*** Data supplied ***

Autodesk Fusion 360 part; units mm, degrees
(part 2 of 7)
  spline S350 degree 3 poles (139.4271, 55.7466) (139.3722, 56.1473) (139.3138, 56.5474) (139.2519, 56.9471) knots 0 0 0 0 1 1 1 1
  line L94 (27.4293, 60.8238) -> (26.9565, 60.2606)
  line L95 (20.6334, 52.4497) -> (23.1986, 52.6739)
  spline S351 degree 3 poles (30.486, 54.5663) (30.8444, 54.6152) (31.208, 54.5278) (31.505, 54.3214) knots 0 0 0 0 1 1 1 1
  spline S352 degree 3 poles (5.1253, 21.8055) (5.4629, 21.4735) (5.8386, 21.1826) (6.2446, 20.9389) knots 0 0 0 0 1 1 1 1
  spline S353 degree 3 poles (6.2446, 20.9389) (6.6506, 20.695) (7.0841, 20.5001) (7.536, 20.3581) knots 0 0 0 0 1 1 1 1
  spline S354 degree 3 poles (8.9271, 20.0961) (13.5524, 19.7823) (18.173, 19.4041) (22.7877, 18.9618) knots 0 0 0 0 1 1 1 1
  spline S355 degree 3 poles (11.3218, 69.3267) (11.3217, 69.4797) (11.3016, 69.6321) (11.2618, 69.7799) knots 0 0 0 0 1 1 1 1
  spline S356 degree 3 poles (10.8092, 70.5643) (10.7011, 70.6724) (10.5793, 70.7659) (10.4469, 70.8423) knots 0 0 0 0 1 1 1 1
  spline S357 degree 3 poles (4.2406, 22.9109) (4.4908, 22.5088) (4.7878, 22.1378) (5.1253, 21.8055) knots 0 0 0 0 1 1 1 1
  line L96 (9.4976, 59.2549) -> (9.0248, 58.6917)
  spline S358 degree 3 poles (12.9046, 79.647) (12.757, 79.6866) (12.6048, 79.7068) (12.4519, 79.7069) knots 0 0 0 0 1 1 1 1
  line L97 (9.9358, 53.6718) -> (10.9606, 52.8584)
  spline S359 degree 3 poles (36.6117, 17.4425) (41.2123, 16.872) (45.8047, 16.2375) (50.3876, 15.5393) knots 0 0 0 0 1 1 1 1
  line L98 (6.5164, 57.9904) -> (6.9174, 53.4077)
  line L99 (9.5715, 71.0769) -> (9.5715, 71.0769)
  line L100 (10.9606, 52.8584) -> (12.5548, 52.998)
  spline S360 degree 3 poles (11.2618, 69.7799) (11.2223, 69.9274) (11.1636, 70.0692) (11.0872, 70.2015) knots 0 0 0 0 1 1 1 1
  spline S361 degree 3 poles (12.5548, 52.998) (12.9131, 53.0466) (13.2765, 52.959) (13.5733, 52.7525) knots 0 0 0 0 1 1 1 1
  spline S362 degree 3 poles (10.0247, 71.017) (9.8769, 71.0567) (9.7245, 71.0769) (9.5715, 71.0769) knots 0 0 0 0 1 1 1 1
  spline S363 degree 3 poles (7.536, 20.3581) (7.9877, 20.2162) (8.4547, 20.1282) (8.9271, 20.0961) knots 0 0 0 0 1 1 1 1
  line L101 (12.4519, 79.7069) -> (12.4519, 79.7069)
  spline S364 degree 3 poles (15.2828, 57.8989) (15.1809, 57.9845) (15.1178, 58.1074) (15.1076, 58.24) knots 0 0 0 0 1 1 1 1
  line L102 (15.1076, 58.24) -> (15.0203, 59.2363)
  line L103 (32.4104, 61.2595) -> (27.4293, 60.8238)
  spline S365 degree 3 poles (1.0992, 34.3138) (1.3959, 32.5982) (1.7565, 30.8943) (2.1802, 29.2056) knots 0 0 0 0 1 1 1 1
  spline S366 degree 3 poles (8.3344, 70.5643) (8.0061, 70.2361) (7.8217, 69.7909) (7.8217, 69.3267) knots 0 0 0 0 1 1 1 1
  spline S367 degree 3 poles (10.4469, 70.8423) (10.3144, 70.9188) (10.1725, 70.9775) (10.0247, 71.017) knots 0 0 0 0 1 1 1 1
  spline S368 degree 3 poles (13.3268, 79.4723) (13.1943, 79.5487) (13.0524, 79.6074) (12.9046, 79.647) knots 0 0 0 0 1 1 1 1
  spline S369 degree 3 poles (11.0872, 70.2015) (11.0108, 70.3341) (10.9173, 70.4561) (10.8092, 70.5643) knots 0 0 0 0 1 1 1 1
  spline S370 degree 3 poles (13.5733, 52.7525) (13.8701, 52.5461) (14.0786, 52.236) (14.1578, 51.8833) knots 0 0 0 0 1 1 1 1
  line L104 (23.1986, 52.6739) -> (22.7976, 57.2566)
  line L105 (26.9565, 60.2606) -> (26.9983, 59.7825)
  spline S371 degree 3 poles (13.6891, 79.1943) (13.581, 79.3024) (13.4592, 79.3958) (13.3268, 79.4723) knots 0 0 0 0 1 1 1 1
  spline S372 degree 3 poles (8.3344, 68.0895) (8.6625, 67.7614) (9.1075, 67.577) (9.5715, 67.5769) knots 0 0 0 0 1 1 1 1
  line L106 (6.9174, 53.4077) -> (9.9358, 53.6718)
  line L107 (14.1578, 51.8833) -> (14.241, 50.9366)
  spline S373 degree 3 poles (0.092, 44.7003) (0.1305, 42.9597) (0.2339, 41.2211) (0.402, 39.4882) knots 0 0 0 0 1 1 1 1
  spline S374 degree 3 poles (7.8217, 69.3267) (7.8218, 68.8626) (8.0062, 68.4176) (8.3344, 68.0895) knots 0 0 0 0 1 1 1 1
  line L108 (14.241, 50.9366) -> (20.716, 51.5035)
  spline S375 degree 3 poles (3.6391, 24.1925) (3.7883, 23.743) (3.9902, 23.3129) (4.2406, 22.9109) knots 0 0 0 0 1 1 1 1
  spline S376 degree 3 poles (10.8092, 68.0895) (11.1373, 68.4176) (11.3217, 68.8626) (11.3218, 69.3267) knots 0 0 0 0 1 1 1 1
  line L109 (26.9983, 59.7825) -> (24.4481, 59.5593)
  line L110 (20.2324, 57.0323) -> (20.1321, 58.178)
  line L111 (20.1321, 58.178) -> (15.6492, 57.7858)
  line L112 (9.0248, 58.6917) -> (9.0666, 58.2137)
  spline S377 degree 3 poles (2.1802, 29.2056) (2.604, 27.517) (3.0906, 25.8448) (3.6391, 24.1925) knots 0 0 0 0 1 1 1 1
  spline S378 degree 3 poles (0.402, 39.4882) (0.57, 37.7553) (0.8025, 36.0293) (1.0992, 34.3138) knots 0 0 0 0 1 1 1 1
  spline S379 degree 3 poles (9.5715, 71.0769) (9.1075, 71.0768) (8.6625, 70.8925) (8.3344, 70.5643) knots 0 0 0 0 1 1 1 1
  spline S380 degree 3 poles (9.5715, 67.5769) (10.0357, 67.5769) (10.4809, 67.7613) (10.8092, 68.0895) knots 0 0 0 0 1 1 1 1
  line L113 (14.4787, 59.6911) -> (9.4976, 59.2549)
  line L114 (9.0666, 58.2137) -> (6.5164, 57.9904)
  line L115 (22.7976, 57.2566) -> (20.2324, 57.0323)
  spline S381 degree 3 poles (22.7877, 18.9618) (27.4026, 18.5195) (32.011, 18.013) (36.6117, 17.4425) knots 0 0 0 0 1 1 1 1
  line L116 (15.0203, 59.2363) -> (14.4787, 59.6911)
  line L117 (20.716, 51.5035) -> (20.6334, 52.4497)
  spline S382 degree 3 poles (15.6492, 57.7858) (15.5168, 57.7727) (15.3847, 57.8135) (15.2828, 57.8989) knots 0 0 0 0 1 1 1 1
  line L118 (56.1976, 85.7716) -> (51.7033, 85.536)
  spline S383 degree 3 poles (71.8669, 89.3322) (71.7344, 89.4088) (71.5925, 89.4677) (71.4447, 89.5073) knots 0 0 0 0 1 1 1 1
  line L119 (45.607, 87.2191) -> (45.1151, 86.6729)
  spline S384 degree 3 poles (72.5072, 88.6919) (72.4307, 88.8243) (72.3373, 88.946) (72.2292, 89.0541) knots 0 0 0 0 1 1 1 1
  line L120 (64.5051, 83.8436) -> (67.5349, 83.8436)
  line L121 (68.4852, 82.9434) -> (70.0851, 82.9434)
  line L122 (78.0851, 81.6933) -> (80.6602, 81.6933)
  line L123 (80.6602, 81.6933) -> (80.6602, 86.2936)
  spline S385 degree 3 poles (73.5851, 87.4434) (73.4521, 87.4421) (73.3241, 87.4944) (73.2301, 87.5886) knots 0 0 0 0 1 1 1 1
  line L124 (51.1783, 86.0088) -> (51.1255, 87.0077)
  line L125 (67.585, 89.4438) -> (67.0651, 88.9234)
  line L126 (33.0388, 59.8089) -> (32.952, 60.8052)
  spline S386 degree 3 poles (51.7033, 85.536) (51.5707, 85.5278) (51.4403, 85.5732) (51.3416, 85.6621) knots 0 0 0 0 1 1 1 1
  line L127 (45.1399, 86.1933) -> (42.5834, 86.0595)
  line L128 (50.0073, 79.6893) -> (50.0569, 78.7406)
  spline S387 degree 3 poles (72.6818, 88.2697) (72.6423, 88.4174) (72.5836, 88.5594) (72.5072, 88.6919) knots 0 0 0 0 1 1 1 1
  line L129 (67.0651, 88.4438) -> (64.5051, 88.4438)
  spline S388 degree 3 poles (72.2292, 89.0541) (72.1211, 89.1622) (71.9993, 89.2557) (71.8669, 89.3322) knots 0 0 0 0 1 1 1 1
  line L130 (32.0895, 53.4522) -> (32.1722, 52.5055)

*** End of Data supplied ***

Exercise description
The required answer is the exact run of lines above starting at the line with "line L97 (9.9358, 53.6718)" and ending at the line with "spline S363 degree", with both ends present.

Answer below
  line L97 (9.9358, 53.6718) -> (10.9606, 52.8584)
  spline S359 degree 3 poles (36.6117, 17.4425) (41.2123, 16.872) (45.8047, 16.2375) (50.3876, 15.5393) knots 0 0 0 0 1 1 1 1
  line L98 (6.5164, 57.9904) -> (6.9174, 53.4077)
  line L99 (9.5715, 71.0769) -> (9.5715, 71.0769)
  line L100 (10.9606, 52.8584) -> (12.5548, 52.998)
  spline S360 degree 3 poles (11.2618, 69.7799) (11.2223, 69.9274) (11.1636, 70.0692) (11.0872, 70.2015) knots 0 0 0 0 1 1 1 1
  spline S361 degree 3 poles (12.5548, 52.998) (12.9131, 53.0466) (13.2765, 52.959) (13.5733, 52.7525) knots 0 0 0 0 1 1 1 1
  spline S362 degree 3 poles (10.0247, 71.017) (9.8769, 71.0567) (9.7245, 71.0769) (9.5715, 71.0769) knots 0 0 0 0 1 1 1 1
  spline S363 degree 3 poles (7.536, 20.3581) (7.9877, 20.2162) (8.4547, 20.1282) (8.9271, 20.0961) knots 0 0 0 0 1 1 1 1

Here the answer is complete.